Noninvasive evaluation of liver repopulation by transplanted hepatocytes using 31P MRS imaging in mice

Abstract

Hepatocyte transplantation (HT) is being explored as a substitute for liver transplantation for the treatment of liver diseases. For the clinical application of HT, a preparative regimen that allows preferential proliferation of transplanted cells in the host liver and a noninvasive method to monitor donor cell engraftment, proliferation, and immune rejection would be useful. We describe an imaging method that employs the creatine kinase (CK) gene as a marker of donor hepatocytes.
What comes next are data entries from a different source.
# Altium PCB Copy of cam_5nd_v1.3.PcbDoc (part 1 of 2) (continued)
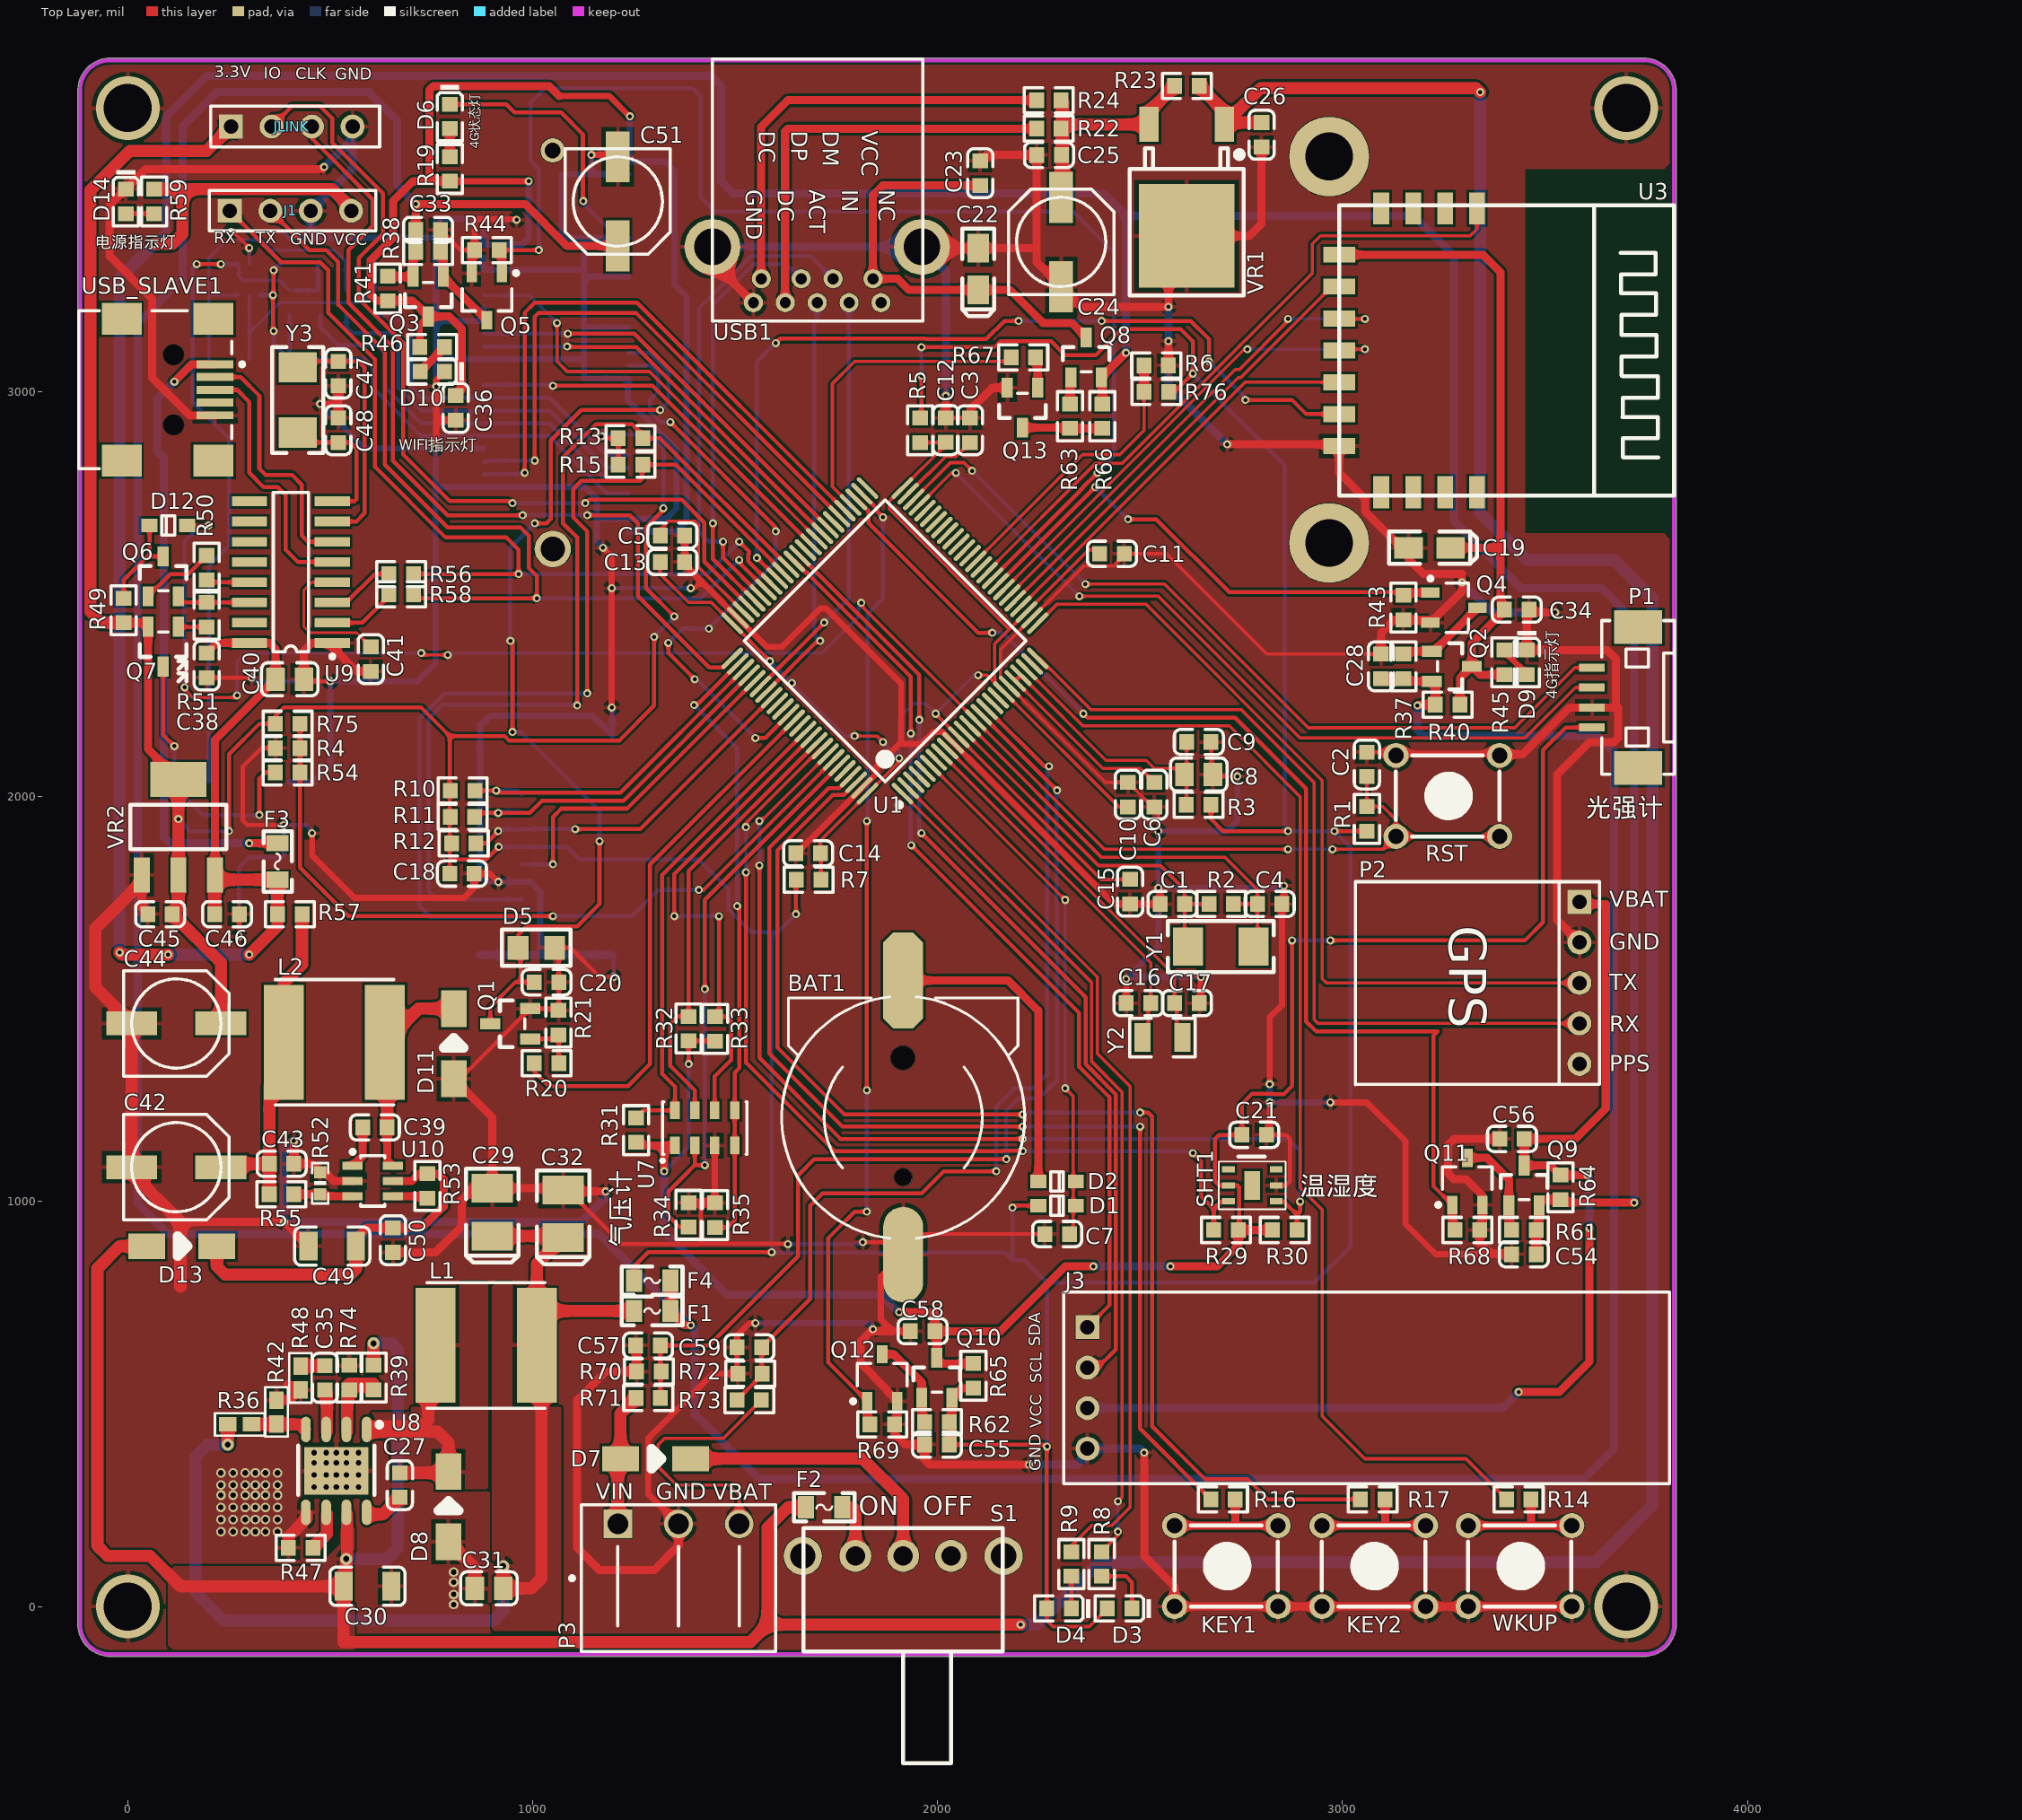
[diagram p0: Top Layer view]
## Components (designator, comment, footprint, x,y, rotation, side; value= is the part's Value field where it differs from the comment) (continued)
R44 "100KΩ (1003) ±1%" 0603_R 886.57,3350 r0 top
R45 "1KΩ (1001) ±1%" 0603_R 3400,2331.57 r90 top
R46 "1KΩ (1001) ±1%" 0603_R 751.57,3110 r0 top
R47 "200KΩ (2003) ±1%" 0603_R 426.89,145 r180 top
R48 "68.1k" R1608(0603) 426.89,564.53 r90 top
R49 "10KΩ (1002) ±1%" 0603_R -10,2460 r270 top
R50 "1KΩ (1001) ±1%" 0603_R 195,2565.32 r270 top
R51 "1KΩ (1001) ±1%" 0603_R 195,2449.69 r270 top
R52 "9.53K" 0603P 475,1045.39 r90 top
R53 "100KΩ (1003) ±1%" 0603_R 740,1038.7 r270 top
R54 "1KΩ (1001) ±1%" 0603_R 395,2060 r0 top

Creatine kinase is unique among marker genes, because it is normally expressed in brain and muscle tissues and is therefore not immunogenic. Preferential proliferation of transplanted CK-expressing hepatocytes was induced by preparative hepatic irradiation and expression of hepatocyte growth factor using a recombinant adenoviral vector. CK is normally not expressed in mouse liver and its expression by the donor cells led to the production of phosphocreatine in the host liver, permitting (31)P magnetic resonance spectroscopic imaging of liver repopulation by engrafted hepatocytes. In conclusion, this study combined a noninvasive imaging technique to assess donor hepatocyte proliferation with a preparative regimen of partial liver irradiation that allowed regional repopulation of the host liver. Our results provide groundwork for future development of clinical protocols for HT.